----- Records for the task

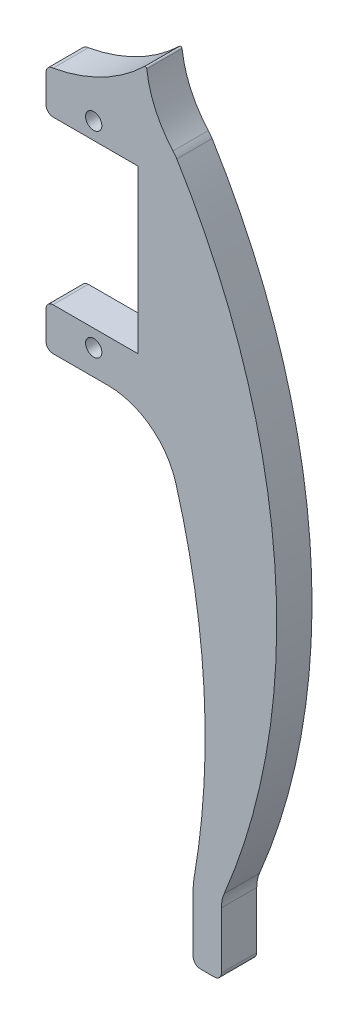
ISO-10303-21;
HEADER;
FILE_DESCRIPTION(('STEP AP214'),'2;1');
FILE_NAME('part.step','',(''),(''),'','','');
FILE_SCHEMA(('AUTOMOTIVE_DESIGN { 1 0 10303 214 1 1 1 1 }'));
ENDSEC;
DATA;
#1=APPLICATION_CONTEXT('core data for automotive mechanical design processes');
#2=APPLICATION_PROTOCOL_DEFINITION('international standard','automotive_design',2000,#1);
#3=PRODUCT_CONTEXT('',#1,'mechanical');
#4=PRODUCT('Part','Part','',(#3));
#5=PRODUCT_RELATED_PRODUCT_CATEGORY('part','',(#4));
#6=PRODUCT_DEFINITION_FORMATION('','',#4);
#7=PRODUCT_DEFINITION_CONTEXT('part definition',#1,'design');
#8=PRODUCT_DEFINITION('design','',#6,#7);
#9=PRODUCT_DEFINITION_SHAPE('','',#8);
#10=(LENGTH_UNIT() NAMED_UNIT(*) SI_UNIT(.MILLI.,.METRE.));
#11=(NAMED_UNIT(*) PLANE_ANGLE_UNIT() SI_UNIT($,.RADIAN.));
#12=(NAMED_UNIT(*) SI_UNIT($,.STERADIAN.) SOLID_ANGLE_UNIT());
#13=UNCERTAINTY_MEASURE_WITH_UNIT(LENGTH_MEASURE(1.E-05),#10,'distance_accuracy_value','');
#14=(GEOMETRIC_REPRESENTATION_CONTEXT(3) GLOBAL_UNCERTAINTY_ASSIGNED_CONTEXT((#13)) GLOBAL_UNIT_ASSIGNED_CONTEXT((#10,
#11,#12)) REPRESENTATION_CONTEXT('',''));
#15=CARTESIAN_POINT('',(0.,0.,0.));
#16=DIRECTION('',(0.,0.,1.));
#17=DIRECTION('',(1.,0.,0.));
#18=AXIS2_PLACEMENT_3D('',#15,#16,#17);
#19=CARTESIAN_POINT('',(-6.5,0.,5.));
#20=DIRECTION('',(-1.,0.,0.));
#21=DIRECTION('',(0.,0.,1.));
#22=AXIS2_PLACEMENT_3D('',#19,#20,#21);
#23=PLANE('',#22);
#24=DIRECTION('',(0.,1.,0.));
#25=VECTOR('',#24,1.);
#26=CARTESIAN_POINT('',(-6.5,0.,0.));
#27=LINE('',#26,#25);
#28=CARTESIAN_POINT('',(-6.5,12.5,0.));
#29=VERTEX_POINT('',#28);
#30=CARTESIAN_POINT('',(-6.5,16.5,0.));
#31=VERTEX_POINT('',#30);
#32=EDGE_CURVE('E302',#29,#31,#27,.T.);
#33=ORIENTED_EDGE('',*,*,#32,.F.);
#34=DIRECTION('',(0.,0.,-1.));
#35=VECTOR('',#34,1.);
#36=CARTESIAN_POINT('',(-6.5,12.5,5.));
#37=LINE('',#36,#35);
#38=CARTESIAN_POINT('',(-6.5,12.5,5.));
#39=VERTEX_POINT('',#38);
#40=EDGE_CURVE('E223',#29,#39,#37,.F.);
#41=ORIENTED_EDGE('',*,*,#40,.T.);
#42=DIRECTION('',(0.,1.,0.));
#43=VECTOR('',#42,1.);
#44=CARTESIAN_POINT('',(-6.5,0.,5.));
#45=LINE('',#44,#43);
#46=CARTESIAN_POINT('',(-6.5,16.5,5.));
#47=VERTEX_POINT('',#46);
#48=EDGE_CURVE('E308',#39,#47,#45,.T.);
#49=ORIENTED_EDGE('',*,*,#48,.T.);
#50=DIRECTION('',(0.,0.,-1.));
#51=VECTOR('',#50,1.);
#52=CARTESIAN_POINT('',(-6.5,16.5,5.));
#53=LINE('',#52,#51);
#54=EDGE_CURVE('E215',#47,#31,#53,.T.);
#55=ORIENTED_EDGE('',*,*,#54,.T.);
#56=EDGE_LOOP('',(#33,#41,#49,#55));
#57=FACE_BOUND('',#56,.T.);
#58=ADVANCED_FACE('F37',(#57),#23,.T.);
#59=CARTESIAN_POINT('',(0.,11.5,5.));
#60=DIRECTION('',(0.,1.,0.));
#61=DIRECTION('',(0.,0.,1.));
#62=AXIS2_PLACEMENT_3D('',#59,#60,#61);
#63=PLANE('',#62);
#64=DIRECTION('',(1.,0.,0.));
#65=VECTOR('',#64,1.);
#66=CARTESIAN_POINT('',(0.,11.5,5.));
#67=LINE('',#66,#65);
#68=CARTESIAN_POINT('',(-5.5,11.5,5.));
#69=VERTEX_POINT('',#68);
#70=CARTESIAN_POINT('',(6.5,11.5,5.));
#71=VERTEX_POINT('',#70);
#72=EDGE_CURVE('E310',#69,#71,#67,.T.);
#73=ORIENTED_EDGE('',*,*,#72,.F.);
#74=DIRECTION('',(0.,0.,-1.));
#75=VECTOR('',#74,1.);
#76=CARTESIAN_POINT('',(-5.5,11.5,0.));
#77=LINE('',#76,#75);
#78=CARTESIAN_POINT('',(-5.5,11.5,0.));
#79=VERTEX_POINT('',#78);
#80=EDGE_CURVE('E396',#69,#79,#77,.T.);
#81=ORIENTED_EDGE('',*,*,#80,.T.);
#82=DIRECTION('',(1.,0.,0.));
#83=VECTOR('',#82,1.);
#84=CARTESIAN_POINT('',(0.,11.5,0.));
#85=LINE('',#84,#83);
#86=CARTESIAN_POINT('',(6.5,11.5,0.));
#87=VERTEX_POINT('',#86);
#88=EDGE_CURVE('E339',#79,#87,#85,.T.);
#89=ORIENTED_EDGE('',*,*,#88,.T.);
#90=DIRECTION('',(0.,0.,-1.));
#91=VECTOR('',#90,1.);
#92=CARTESIAN_POINT('',(6.5,11.5,5.));
#93=LINE('',#92,#91);
#94=EDGE_CURVE('E366',#71,#87,#93,.T.);
#95=ORIENTED_EDGE('',*,*,#94,.F.);
#96=EDGE_LOOP('',(#73,#81,#89,#95));
#97=FACE_BOUND('',#96,.T.);
#98=ADVANCED_FACE('F409',(#97),#63,.F.);
#99=CARTESIAN_POINT('',(6.5,0.,5.));
#100=DIRECTION('',(1.,0.,0.));
#101=DIRECTION('',(0.,1.,0.));
#102=AXIS2_PLACEMENT_3D('',#99,#100,#101);
#103=PLANE('',#102);
#104=DIRECTION('',(0.,-1.,0.));
#105=VECTOR('',#104,1.);
#106=CARTESIAN_POINT('',(6.5,0.,0.));
#107=LINE('',#106,#105);
#108=CARTESIAN_POINT('',(6.5,-11.5,0.));
#109=VERTEX_POINT('',#108);
#110=EDGE_CURVE('E341',#87,#109,#107,.T.);
#111=ORIENTED_EDGE('',*,*,#110,.T.);
#112=DIRECTION('',(0.,0.,-1.));
#113=VECTOR('',#112,1.);
#114=CARTESIAN_POINT('',(6.5,-11.5,5.));
#115=LINE('',#114,#113);
#116=CARTESIAN_POINT('',(6.5,-11.5,5.));
#117=VERTEX_POINT('',#116);
#118=EDGE_CURVE('E337',#117,#109,#115,.T.);
#119=ORIENTED_EDGE('',*,*,#118,.F.);
#120=DIRECTION('',(0.,-1.,0.));
#121=VECTOR('',#120,1.);
#122=CARTESIAN_POINT('',(6.5,0.,5.));
#123=LINE('',#122,#121);
#124=EDGE_CURVE('E313',#71,#117,#123,.T.);
#125=ORIENTED_EDGE('',*,*,#124,.F.);
#126=ORIENTED_EDGE('',*,*,#94,.T.);
#127=EDGE_LOOP('',(#111,#119,#125,#126));
#128=FACE_BOUND('',#127,.T.);
#129=ADVANCED_FACE('F416',(#128),#103,.F.);
#130=CARTESIAN_POINT('',(0.,-11.5,5.));
#131=DIRECTION('',(0.,1.,0.));
#132=DIRECTION('',(0.,0.,1.));
#133=AXIS2_PLACEMENT_3D('',#130,#131,#132);
#134=PLANE('',#133);
#135=DIRECTION('',(1.,0.,0.));
#136=VECTOR('',#135,1.);
#137=CARTESIAN_POINT('',(0.,-11.5,0.));
#138=LINE('',#137,#136);
#139=CARTESIAN_POINT('',(-5.5,-11.5,0.));
#140=VERTEX_POINT('',#139);
#141=EDGE_CURVE('E344',#140,#109,#138,.T.);
#142=ORIENTED_EDGE('',*,*,#141,.F.);
#143=DIRECTION('',(0.,0.,-1.));
#144=VECTOR('',#143,1.);
#145=CARTESIAN_POINT('',(-5.5,-11.5,5.));
#146=LINE('',#145,#144);
#147=CARTESIAN_POINT('',(-5.5,-11.5,5.));
#148=VERTEX_POINT('',#147);
#149=EDGE_CURVE('E394',#140,#148,#146,.F.);
#150=ORIENTED_EDGE('',*,*,#149,.T.);
#151=DIRECTION('',(1.,0.,0.));
#152=VECTOR('',#151,1.);
#153=CARTESIAN_POINT('',(0.,-11.5,5.));
#154=LINE('',#153,#152);
#155=EDGE_CURVE('E316',#148,#117,#154,.T.);
#156=ORIENTED_EDGE('',*,*,#155,.T.);
#157=ORIENTED_EDGE('',*,*,#118,.T.);
#158=EDGE_LOOP('',(#142,#150,#156,#157));
#159=FACE_BOUND('',#158,.T.);
#160=ADVANCED_FACE('F419',(#159),#134,.T.);
#161=CARTESIAN_POINT('',(-6.5,0.,5.));
#162=DIRECTION('',(1.,0.,0.));
#163=DIRECTION('',(0.,1.,0.));
#164=AXIS2_PLACEMENT_3D('',#161,#162,#163);
#165=PLANE('',#164);
#166=DIRECTION('',(0.,-1.,0.));
#167=VECTOR('',#166,1.);
#168=CARTESIAN_POINT('',(-6.5,0.,0.));
#169=LINE('',#168,#167);
#170=CARTESIAN_POINT('',(-6.5,-12.5,0.));
#171=VERTEX_POINT('',#170);
#172=CARTESIAN_POINT('',(-6.5,-16.5,0.));
#173=VERTEX_POINT('',#172);
#174=EDGE_CURVE('E346',#171,#173,#169,.T.);
#175=ORIENTED_EDGE('',*,*,#174,.T.);
#176=DIRECTION('',(0.,0.,-1.));
#177=VECTOR('',#176,1.);
#178=CARTESIAN_POINT('',(-6.5,-16.5,5.));
#179=LINE('',#178,#177);
#180=CARTESIAN_POINT('',(-6.5,-16.5,5.));
#181=VERTEX_POINT('',#180);
#182=EDGE_CURVE('E217',#173,#181,#179,.F.);
#183=ORIENTED_EDGE('',*,*,#182,.T.);
#184=DIRECTION('',(0.,-1.,0.));
#185=VECTOR('',#184,1.);
#186=CARTESIAN_POINT('',(-6.5,0.,5.));
#187=LINE('',#186,#185);
#188=CARTESIAN_POINT('',(-6.5,-12.5,5.));
#189=VERTEX_POINT('',#188);
#190=EDGE_CURVE('E318',#189,#181,#187,.T.);
#191=ORIENTED_EDGE('',*,*,#190,.F.);
#192=DIRECTION('',(0.,0.,-1.));
#193=VECTOR('',#192,1.);
#194=CARTESIAN_POINT('',(-6.5,-12.5,0.));
#195=LINE('',#194,#193);
#196=EDGE_CURVE('E385',#189,#171,#195,.T.);
#197=ORIENTED_EDGE('',*,*,#196,.T.);
#198=EDGE_LOOP('',(#175,#183,#191,#197));
#199=FACE_BOUND('',#198,.T.);
#200=ADVANCED_FACE('F427',(#199),#165,.F.);
#201=CARTESIAN_POINT('',(0.,-17.5,5.));
#202=DIRECTION('',(0.,1.,0.));
#203=DIRECTION('',(0.,0.,1.));
#204=AXIS2_PLACEMENT_3D('',#201,#202,#203);
#205=PLANE('',#204);
#206=DIRECTION('',(1.,0.,0.));
#207=VECTOR('',#206,1.);
#208=CARTESIAN_POINT('',(0.,-17.5,0.));
#209=LINE('',#208,#207);
#210=CARTESIAN_POINT('',(-5.5,-17.5,0.));
#211=VERTEX_POINT('',#210);
#212=CARTESIAN_POINT('',(2.28345078270827,-17.5,0.));
#213=VERTEX_POINT('',#212);
#214=EDGE_CURVE('E349',#211,#213,#209,.T.);
#215=ORIENTED_EDGE('',*,*,#214,.T.);
#216=DIRECTION('',(0.,0.,1.));
#217=VECTOR('',#216,1.);
#218=CARTESIAN_POINT('',(2.28345078270827,-17.5,5.));
#219=LINE('',#218,#217);
#220=CARTESIAN_POINT('',(2.28345078270827,-17.5,5.));
#221=VERTEX_POINT('',#220);
#222=EDGE_CURVE('E270',#213,#221,#219,.T.);
#223=ORIENTED_EDGE('',*,*,#222,.T.);
#224=DIRECTION('',(1.,0.,0.));
#225=VECTOR('',#224,1.);
#226=CARTESIAN_POINT('',(0.,-17.5,5.));
#227=LINE('',#226,#225);
#228=CARTESIAN_POINT('',(-5.5,-17.5,5.));
#229=VERTEX_POINT('',#228);
#230=EDGE_CURVE('E321',#229,#221,#227,.T.);
#231=ORIENTED_EDGE('',*,*,#230,.F.);
#232=DIRECTION('',(0.,0.,-1.));
#233=VECTOR('',#232,1.);
#234=CARTESIAN_POINT('',(-5.5,-17.5,5.));
#235=LINE('',#234,#233);
#236=EDGE_CURVE('E375',#229,#211,#235,.T.);
#237=ORIENTED_EDGE('',*,*,#236,.T.);
#238=EDGE_LOOP('',(#215,#223,#231,#237));
#239=FACE_BOUND('',#238,.T.);
#240=ADVANCED_FACE('F436',(#239),#205,.F.);
#241=CARTESIAN_POINT('',(-88.0018123675898,-53.7710248991929,5.));
#242=DIRECTION('',(0.,0.,-1.));
#243=DIRECTION('',(-1.,0.,0.));
#244=AXIS2_PLACEMENT_3D('',#241,#242,#243);
#245=CYLINDRICAL_SURFACE('',#244,104.029758541499);
#246=CARTESIAN_POINT('',(-88.0018123675898,-53.7710248991929,5.));
#247=DIRECTION('',(0.,0.,1.));
#248=DIRECTION('',(1.,0.,0.));
#249=AXIS2_PLACEMENT_3D('',#246,#247,#248);
#250=CIRCLE('',#249,104.029758541499);
#251=CARTESIAN_POINT('',(11.8852262791807,-24.7060946123138,5.));
#252=VERTEX_POINT('',#251);
#253=CARTESIAN_POINT('',(14.4771935297143,-71.6663877762868,5.));
#254=VERTEX_POINT('',#253);
#255=EDGE_CURVE('E324',#252,#254,#250,.F.);
#256=ORIENTED_EDGE('',*,*,#255,.F.);
#257=DIRECTION('',(0.,0.,-1.));
#258=VECTOR('',#257,1.);
#259=CARTESIAN_POINT('',(11.8852262791807,-24.7060946123138,5.));
#260=LINE('',#259,#258);
#261=CARTESIAN_POINT('',(11.8852262791807,-24.7060946123138,0.));
#262=VERTEX_POINT('',#261);
#263=EDGE_CURVE('E267',#252,#262,#260,.T.);
#264=ORIENTED_EDGE('',*,*,#263,.T.);
#265=CARTESIAN_POINT('',(-88.0018123675898,-53.7710248991929,0.));
#266=DIRECTION('',(0.,0.,1.));
#267=DIRECTION('',(1.,0.,0.));
#268=AXIS2_PLACEMENT_3D('',#265,#266,#267);
#269=CIRCLE('',#268,104.029758541499);
#270=CARTESIAN_POINT('',(14.4771935297143,-71.6663877762868,0.));
#271=VERTEX_POINT('',#270);
#272=EDGE_CURVE('E352',#262,#271,#269,.F.);
#273=ORIENTED_EDGE('',*,*,#272,.T.);
#274=DIRECTION('',(0.,0.,-1.));
#275=VECTOR('',#274,1.);
#276=CARTESIAN_POINT('',(14.4771935297143,-71.6663877762868,5.));
#277=LINE('',#276,#275);
#278=EDGE_CURVE('E262',#271,#254,#277,.F.);
#279=ORIENTED_EDGE('',*,*,#278,.T.);
#280=EDGE_LOOP('',(#256,#264,#273,#279));
#281=FACE_BOUND('',#280,.T.);
#282=ADVANCED_FACE('F444',(#281),#245,.F.);
#283=CARTESIAN_POINT('',(14.3281253528836,0.,5.));
#284=DIRECTION('',(1.,0.,0.));
#285=DIRECTION('',(0.,1.,0.));
#286=AXIS2_PLACEMENT_3D('',#283,#284,#285);
#287=PLANE('',#286);
#288=DIRECTION('',(0.,-1.,0.));
#289=VECTOR('',#288,1.);
#290=CARTESIAN_POINT('',(14.3281253528836,0.,5.));
#291=LINE('',#290,#289);
#292=CARTESIAN_POINT('',(14.3281253528833,-73.3866035230104,5.));
#293=VERTEX_POINT('',#292);
#294=CARTESIAN_POINT('',(14.3281253528833,-81.5,5.));
#295=VERTEX_POINT('',#294);
#296=EDGE_CURVE('E326',#293,#295,#291,.T.);
#297=ORIENTED_EDGE('',*,*,#296,.F.);
#298=DIRECTION('',(0.,0.,-1.));
#299=VECTOR('',#298,1.);
#300=CARTESIAN_POINT('',(14.3281253528833,-73.3866035230104,5.));
#301=LINE('',#300,#299);
#302=CARTESIAN_POINT('',(14.3281253528833,-73.3866035230104,0.));
#303=VERTEX_POINT('',#302);
#304=EDGE_CURVE('E256',#293,#303,#301,.T.);
#305=ORIENTED_EDGE('',*,*,#304,.T.);
#306=DIRECTION('',(0.,-1.,0.));
#307=VECTOR('',#306,1.);
#308=CARTESIAN_POINT('',(14.3281253528836,0.,0.));
#309=LINE('',#308,#307);
#310=CARTESIAN_POINT('',(14.3281253528833,-81.5,0.));
#311=VERTEX_POINT('',#310);
#312=EDGE_CURVE('E354',#303,#311,#309,.T.);
#313=ORIENTED_EDGE('',*,*,#312,.T.);
#314=DIRECTION('',(0.,0.,-1.));
#315=VECTOR('',#314,1.);
#316=CARTESIAN_POINT('',(14.3281253528833,-81.5,5.));
#317=LINE('',#316,#315);
#318=EDGE_CURVE('E253',#311,#295,#317,.F.);
#319=ORIENTED_EDGE('',*,*,#318,.T.);
#320=EDGE_LOOP('',(#297,#305,#313,#319));
#321=FACE_BOUND('',#320,.T.);
#322=ADVANCED_FACE('F453',(#321),#287,.F.);
#323=CARTESIAN_POINT('',(0.,-82.5,5.));
#324=DIRECTION('',(0.,1.,0.));
#325=DIRECTION('',(0.,0.,1.));
#326=AXIS2_PLACEMENT_3D('',#323,#324,#325);
#327=PLANE('',#326);
#328=DIRECTION('',(1.,0.,0.));
#329=VECTOR('',#328,1.);
#330=CARTESIAN_POINT('',(0.,-82.5,0.));
#331=LINE('',#330,#329);
#332=CARTESIAN_POINT('',(15.3281253528833,-82.5,0.));
#333=VERTEX_POINT('',#332);
#334=CARTESIAN_POINT('',(17.3281253528833,-82.5,0.));
#335=VERTEX_POINT('',#334);
#336=EDGE_CURVE('E356',#333,#335,#331,.T.);
#337=ORIENTED_EDGE('',*,*,#336,.T.);
#338=DIRECTION('',(0.,0.,-1.));
#339=VECTOR('',#338,1.);
#340=CARTESIAN_POINT('',(17.3281253528833,-82.5,5.));
#341=LINE('',#340,#339);
#342=CARTESIAN_POINT('',(17.3281253528833,-82.5,5.));
#343=VERTEX_POINT('',#342);
#344=EDGE_CURVE('E247',#335,#343,#341,.F.);
#345=ORIENTED_EDGE('',*,*,#344,.T.);
#346=DIRECTION('',(1.,0.,0.));
#347=VECTOR('',#346,1.);
#348=CARTESIAN_POINT('',(0.,-82.5,5.));
#349=LINE('',#348,#347);
#350=CARTESIAN_POINT('',(15.3281253528833,-82.5,5.));
#351=VERTEX_POINT('',#350);
#352=EDGE_CURVE('E328',#351,#343,#349,.T.);
#353=ORIENTED_EDGE('',*,*,#352,.F.);
#354=DIRECTION('',(0.,0.,-1.));
#355=VECTOR('',#354,1.);
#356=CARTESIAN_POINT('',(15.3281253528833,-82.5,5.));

----------

Task to carry out ▸ Would you retype the lines above from the one with "#211=VERTEX_POINT('',#210);" down to the one with "#264=ORIENTED_EDGE('',*,*,#263,.T.);", word for word, both ends included and no other lines?

Solution to the problem ▸
#211=VERTEX_POINT('',#210);
#212=CARTESIAN_POINT('',(2.28345078270827,-17.5,0.));
#213=VERTEX_POINT('',#212);
#214=EDGE_CURVE('E349',#211,#213,#209,.T.);
#215=ORIENTED_EDGE('',*,*,#214,.T.);
#216=DIRECTION('',(0.,0.,1.));
#217=VECTOR('',#216,1.);
#218=CARTESIAN_POINT('',(2.28345078270827,-17.5,5.));
#219=LINE('',#218,#217);
#220=CARTESIAN_POINT('',(2.28345078270827,-17.5,5.));
#221=VERTEX_POINT('',#220);
#222=EDGE_CURVE('E270',#213,#221,#219,.T.);
#223=ORIENTED_EDGE('',*,*,#222,.T.);
#224=DIRECTION('',(1.,0.,0.));
#225=VECTOR('',#224,1.);
#226=CARTESIAN_POINT('',(0.,-17.5,5.));
#227=LINE('',#226,#225);
#228=CARTESIAN_POINT('',(-5.5,-17.5,5.));
#229=VERTEX_POINT('',#228);
#230=EDGE_CURVE('E321',#229,#221,#227,.T.);
#231=ORIENTED_EDGE('',*,*,#230,.F.);
#232=DIRECTION('',(0.,0.,-1.));
#233=VECTOR('',#232,1.);
#234=CARTESIAN_POINT('',(-5.5,-17.5,5.));
#235=LINE('',#234,#233);
#236=EDGE_CURVE('E375',#229,#211,#235,.T.);
#237=ORIENTED_EDGE('',*,*,#236,.T.);
#238=EDGE_LOOP('',(#215,#223,#231,#237));
#239=FACE_BOUND('',#238,.T.);
#240=ADVANCED_FACE('F436',(#239),#205,.F.);
#241=CARTESIAN_POINT('',(-88.0018123675898,-53.7710248991929,5.));
#242=DIRECTION('',(0.,0.,-1.));
#243=DIRECTION('',(-1.,0.,0.));
#244=AXIS2_PLACEMENT_3D('',#241,#242,#243);
#245=CYLINDRICAL_SURFACE('',#244,104.029758541499);
#246=CARTESIAN_POINT('',(-88.0018123675898,-53.7710248991929,5.));
#247=DIRECTION('',(0.,0.,1.));
#248=DIRECTION('',(1.,0.,0.));
#249=AXIS2_PLACEMENT_3D('',#246,#247,#248);
#250=CIRCLE('',#249,104.029758541499);
#251=CARTESIAN_POINT('',(11.8852262791807,-24.7060946123138,5.));
#252=VERTEX_POINT('',#251);
#253=CARTESIAN_POINT('',(14.4771935297143,-71.6663877762868,5.));
#254=VERTEX_POINT('',#253);
#255=EDGE_CURVE('E324',#252,#254,#250,.F.);
#256=ORIENTED_EDGE('',*,*,#255,.F.);
#257=DIRECTION('',(0.,0.,-1.));
#258=VECTOR('',#257,1.);
#259=CARTESIAN_POINT('',(11.8852262791807,-24.7060946123138,5.));
#260=LINE('',#259,#258);
#261=CARTESIAN_POINT('',(11.8852262791807,-24.7060946123138,0.));
#262=VERTEX_POINT('',#261);
#263=EDGE_CURVE('E267',#252,#262,#260,.T.);
#264=ORIENTED_EDGE('',*,*,#263,.T.);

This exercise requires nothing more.